Structure of Ta2NiSe5.

(A) The Ni (red) and Ta (blue) 1D chains are aligned along the a axis and forming sheets in the ac plane. The electronic transport forms along the chains in a direction (Se atoms are marked green). (B) Structure and exciton formation along the chains: The Ni chains supply the valence band, and the Ta chains supply the conduction band. In the semiconducting phase, all Ni sites are doubly occupied. An exciton is formed between an electron on the Ta chains and a hole on the Ni chain. The Higgs amplitude mode (frequency ωΔ) corresponds to a collective hopping of electrons and holes between the chains.

RESULTS

To investigate the collective excitations of Ta2NiSe5, we performed pump-probe experiments using 1.55-eV (800 nm), 130-fs laser pulses. We probe the system’s coherent oscillations below and above the critical temperature to characterize the temperature and excitation density dependence of their potential coupling to the excitonic condensate. To excite the modes without depleting the condensate significantly, we performed the experiments at perpendicular polarization to the chains. In the case of parallel polarization, the coupling of the light pulses to the condensate is enhanced. In this configuration, a complete depletion of the condensate occurs even at low excitation densities (see the Supplementary Materials).

Figure 2A depicts the time dependence of the photoinduced reflectivity changes ΔR/R(t) at perpendicular polarization to the chains at different temperatures. The measured time trace is a superposition of the electronic signal and several coherent oscillations. The electronic part describes the photodoping and exciton-breaking dynamics into electrons and holes and their subsequent recombination in agreement with the photodoping dynamics found in the tr-ARPES experiments (). It consists of a steep onset (time constants, ~0.1 and ~1 ps) and a double-exponential decay (time scales, ~1 and ~10 ps). The coherent oscillations on top of the electronic signal are made up of one mode at ~1 THz that we find to be coupled to the EI (see Discussion) and two coherent phonons at higher frequencies, which were excited via impulsive stimulated Raman scattering (). To extract the coherent oscillations, we subtracted the fit to the electronic background (dotted black lines) from the measured signal. This yielded the oscillations shown in the inset of Fig. 2B. The corresponding fast Fourier transforms (FFTs) at 80 and 350 K are presented in the main panel of Fig. 2B. It can be seen that at 80 K, the spectrum contains three distinct modes at 1.01, 2.07, and 2.98 THz (from here on denoted as 1-, 2-, and 3-THz modes).
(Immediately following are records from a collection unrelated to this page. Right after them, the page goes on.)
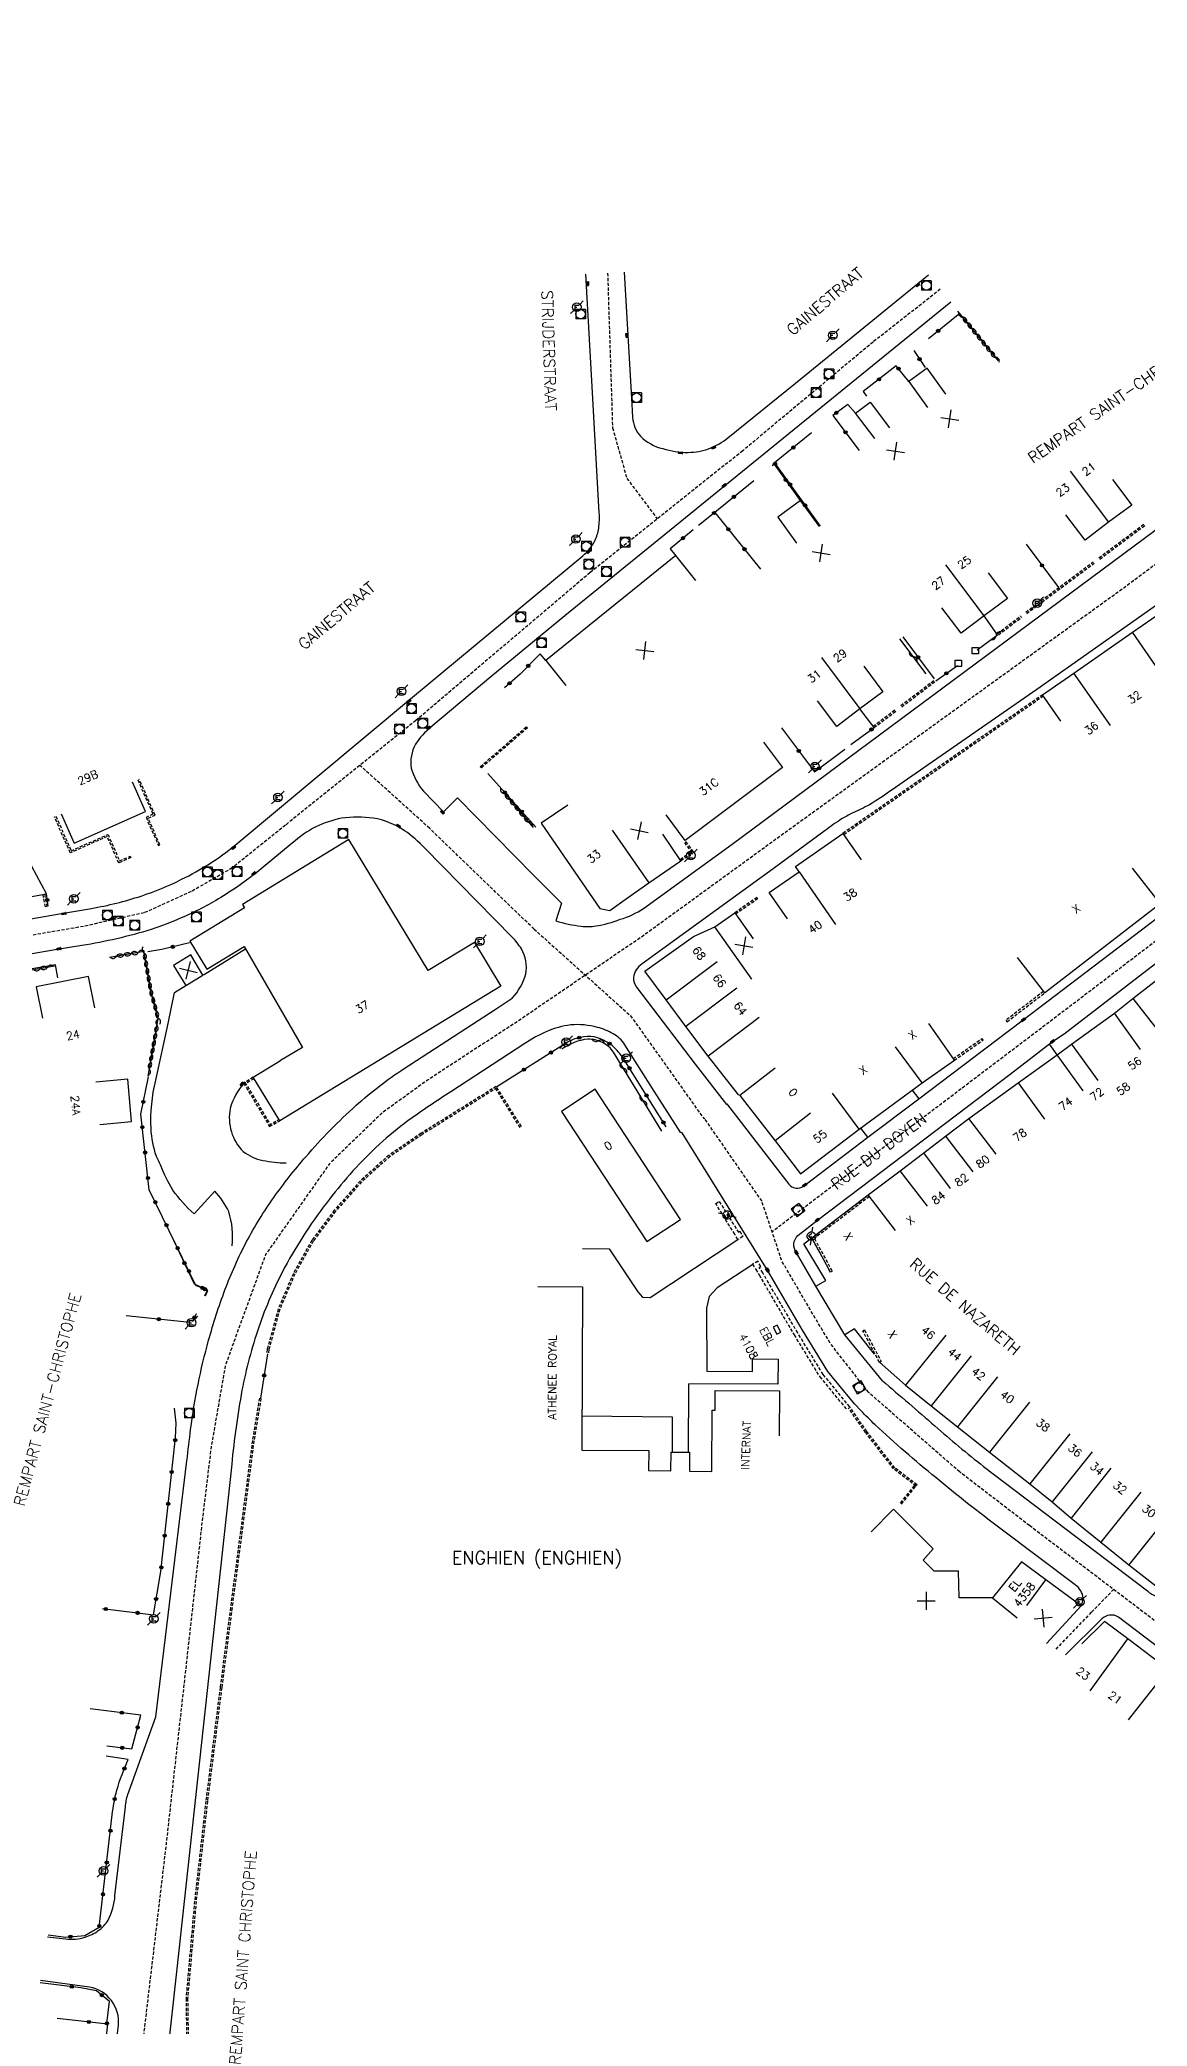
# Model space of a CAD drawing. Header units: millimetres. Extents: x 126000 to 127000, y 153000 to 154000.
# Drawn here: x 126215.9 to 126389, y 153689.6 to 154000 of the extents above; entities that cross this region are included whole.
import ezdxf
from ezdxf.enums import TextEntityAlignment as Align

# ---------------------------------------------------------------- set-up
doc = ezdxf.new("R2010")
doc.units = ezdxf.units.MM
doc.linetypes.add('DASHED', pattern=[0.75, 0.5, -0.25])
doc.layers.get('0').update_dxf_attribs({"linetype": 'CONTINUOUS'})
for name, color, linetype in [('W0001', 6, 'DASHED'), ('W0008', 7, 'CONTINUOUS'), ('W0100', 7, 'CONTINUOUS'), ('W0112', 1, 'DASHED'), ('W0220', 5, 'DASHED'), ('W0310', 3, 'CONTINUOUS'), ('W0322', 7, 'CONTINUOUS'), ('W0334', 7, 'CONTINUOUS'), ('W0400', 7, 'CONTINUOUS'), ('W0420', 7, 'CONTINUOUS'), ('W0471', 7, 'CONTINUOUS'), ('W0980', 7, 'CONTINUOUS'), ('W0984', 7, 'CONTINUOUS'), ('W0989', 7, 'CONTINUOUS'), ('W0991', 7, 'CONTINUOUS'), ('W1102', 7, 'CONTINUOUS')]:
    doc.layers.add(name, color=color, linetype=linetype)
doc.styles.get("Standard").update_dxf_attribs({"font": 'romans.shx', "width": 0.85})

# ---------------------------------------------------------------- blocks, each defined once
blk = doc.blocks.new('t991o')
at = {"color": 0, "linetype": 'Continuous'}
for p, q in [((-1, 1), (1, -1)), ((-1, -1), (1, 1))]:
    blk.add_line(p, q, dxfattribs=at)
blk = doc.blocks.new('T400')
for p, q in [((-0.15, 0.3), (0.15, 0.3)), ((-0.15, -0.25), (-0.15, 0.3)), ((-0.15, 0.15), (0.15, 0.15)), ((-0.15, 0), (0.15, 0)), ((0.15, 0.3), (0.15, -0.25)), ((-0.15, -0.15), (0.15, -0.15)), ((-0.15, -0.25), (-0.15, -0.3)), ((-0.15, -0.3), (0.15, -0.3)), ((0.15, -0.3), (0.15, -0.25))]:
    blk.add_line(p, q)
blk = doc.blocks.new('T471')
for p, q in [((-0.333334, 0.333334), (-0.333334, -0.333334)), ((-0.333334, 0.333334), (0.333334, 0.333334)), ((-0.333334, 0), (0, 0)), ((0.500001, 0.500001), (1.000002, 1.000002)), ((-0.500001, -0.500001), (-1.000002, -1.000002)), ((-0.333334, -0.333334), (0.333334, -0.333334))]:
    blk.add_line(p, q)
blk.add_ellipse((0, 0), major_axis=(0.471405, 0.471405), ratio=1, start_param=5.4977871438, end_param=11.780972451)
blk = doc.blocks.new('T420')
for p, q in [((0.75, 0.75), (-0.75, 0.75)), ((-0.75, 0.75), (-0.75, -0.75)), ((0.75, 0.75), (0.75, -0.75)), ((0.75, -0.75), (-0.75, -0.75))]:
    blk.add_line(p, q)
blk.add_ellipse((0, 0), major_axis=(-0.53, 0.53), ratio=1, start_param=3.926991, end_param=10.210176)
blk = doc.blocks.new('t322o')
at = {"color": 0, "linetype": 'Continuous'}
for radius in [0.25, 0.15]:
    blk.add_circle((0, 0), radius, dxfattribs=at)
blk = doc.blocks.new('t310o')
at = {"color": 0, "linetype": 'Continuous'}
for centre, start, end in [((-0.5, 0.38), 216.8699, 323.1304), ((0.5, -0.37), 36.8699, 143.1303)]:
    blk.add_arc(centre, 0.625, start, end, dxfattribs=at)
blk = doc.blocks.new('t112o')
at = {"color": 0, "linetype": 'Continuous'}
for p, q in [((-0.5, 0.5), (0.5, 0.5)), ((-0.5, -0.5), (-0.5, 0.5)), ((0.5, 0.5), (0.5, -0.5)), ((0.5, -0.5), (-0.5, -0.5))]:
    blk.add_line(p, q, dxfattribs=at)

msp = doc.modelspace()

# ---------------------------------------------------------------- linework, layer by layer
at = {"layer": 'W0001', "flags": 128}
for points in [[(126500.68, 154000), (126494.79, 153996.11), (126482.01, 153986.93), (126456.93, 153968.38), (126449.2, 153961.8), (126385.36, 153914.33), (126331.4, 153875.37), (126310.18, 153859.95), (126301.2, 153853.84), (126290.75, 153846.72), (126276.51, 153837.44), (126269.42, 153832.32), (126261.17, 153824.36), (126251.2, 153810.19), (126244.91, 153792.9), (126242.69, 153780.17), (126241.34, 153769.08), (126235.64, 153718.05), (126231.5, 153683.04), (126231.5, 153683.04)], [(126554.52, 153997.96), (126542.9, 153990.4), (126531.48, 153982.94), (126522.11, 153974.68), (126514.08, 153967.63), (126494.28, 153950.34), (126482.51, 153940.01), (126459.6, 153919.97), (126451.72, 153913), (126446.98, 153908.63), (126427.74, 153890.62), (126417.66, 153881.18), (126409.38, 153873.71), (126397.55, 153864.61), (126393.52, 153861.56), (126371.32, 153844.68), (126368.93, 153842.88), (126355, 153832.33), (126347.04, 153826.33), (126330.39, 153813.74)], [(126293.16, 153861.06), (126301.2, 153853.84), (126308.27, 153847.49), (126315.15, 153837.84), (126319.69, 153831.44), (126319.69, 153831.44)], [(126319.79, 153831.5), (126319.86, 153831.4), (126319.86, 153831.4)], [(126345.45, 153788.67), (126339.53, 153796.26), (126337.32, 153799.92), (126331.93, 153809.15), (126328.77, 153818.57), (126319.86, 153831.4)]]:
    msp.add_lwpolyline(points, dxfattribs=at)
at = {"layer": 'W0001'}
for points in [[(126356.69, 153961.01), (126346.18, 153952.77), (126325.81, 153935.79), (126301.93, 153916.74), (126274.69, 153893.63), (126254.31, 153877.28), (126245.99, 153870.59), (126239.56, 153866.9), (126232.22, 153863.59), (126222.73, 153861.46), (126184.62, 153854.92), (126126.45, 153845.23), (126111.95, 153843.22), (126062.92, 153835.34), (126027.89, 153829.09), (126018.75, 153828.72), (126013.53, 153828.71), (126004.26, 153828.51), (126000, 153828.82)], [(126304.67, 153963.54), (126305.44, 153939.36), (126307.68, 153931.47), (126312.44, 153925.13)], [(126293.16, 153861.06), (126276.83, 153876.8), (126265.95, 153886.62)], [(126434.79, 153719.16), (126391.94, 153751.67), (126370.63, 153767.84), (126359.72, 153776.22), (126345.45, 153788.67), (126345.45, 153788.67)], [(126374.79, 153748.54), (126380.33, 153754.3), (126383.77, 153757.87), (126383.77, 153757.87)]]:
    msp.add_lwpolyline(points, dxfattribs=at)
at = {"layer": 'W0008'}
for p, q in [((126374.95, 153841.42), (126373.79, 153842.99)), ((126352.3, 153835.89), (126353.35, 153834.52)), ((126345.38, 153828.52), (126344.27, 153829.96)), ((126335.37, 153811.86), (126336.61, 153812.79)), ((126338.8, 153806.13), (126335.37, 153811.86)), ((126337.25, 153805.23), (126338.8, 153806.13)), ((126343.26, 153798.58), (126341.77, 153797.64)), ((126346.4, 153794.64), (126343.26, 153798.58)), ((126317.32, 153779.3), (126317.37, 153790.02))]:
    msp.add_line(p, q, dxfattribs=at)
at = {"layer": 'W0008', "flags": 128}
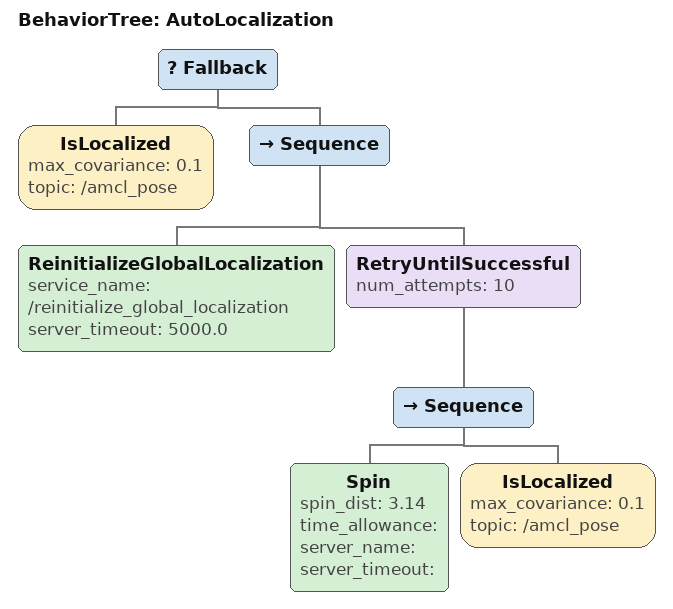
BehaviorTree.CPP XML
<?xml version="1.0" encoding="UTF-8"?>
<root BTCPP_format="3"
      main_tree_to_execute="AutoLocalization">
  <BehaviorTree ID="AutoLocalization">
    <Fallback>
      <IsLocalized max_covariance="0.1"
                   topic="/amcl_pose"/>
      <Sequence>
        <ReinitializeGlobalLocalization service_name="/reinitialize_global_localization"
                                        server_timeout="5000.0"/>
        <RetryUntilSuccessful num_attempts="10">
          <Sequence>
            <Spin spin_dist="3.14"
                  time_allowance=""
                  server_name=""
                  server_timeout=""/>
            <IsLocalized max_covariance="0.1"
                         topic="/amcl_pose"/>
          </Sequence>
        </RetryUntilSuccessful>
      </Sequence>
    </Fallback>
  </BehaviorTree>
</root>

Using local density approximation (LDA) calculations and Raman measurements (see the Supplementary Materials), the 1-THz oscillation was identified as an A1g mode, whereas the 2-THz (3-THz) mode is a B1g (A1g) phonon. Comparing the FFTs at the different temperatures reveals that, upon heating, a significant decrease in the peak height occurs for both the 1- and 3-THz modes, whereas the 2-THz mode becomes heavily damped and disappears completely. To investigate the behavior of the modes quantitatively, we applied FFT band-pass filters with a bandwidth of 1 THz around the respective peaks. The results for the 1-THz mode, which are depicted in Fig. 2C, show a decrease of the amplitude with increasing temperature. To investigate this dependency systematically, we determined the initial oscillation amplitude AEI = ΔR1THz/R(t = 0) by fitting a damped harmonic oscillator to the data.

Fig. 2

Pump-robe response.

(A) Time trace of photoinduced reflectivity changes at different temperatures and an excitation density of 0.35 mJ/cm2. The signal is made up of the electronic response and the coherent oscillations. The dotted black lines represent fits to the measured data. (B) The inset shows only the coherent oscillations, which were extracted by substracting the fits in (A) from the measured data. The main panel of (B) presents the corresponding FFTs at 80 and 350 K. (C) Phonon-coupled amplitude mode at 1 THz, which was extracted using an FFT band-pass filter. The amplitude (AEI) of the coupled mode was determined by fitting a damped harmonic oscillator to the data (dotted lines).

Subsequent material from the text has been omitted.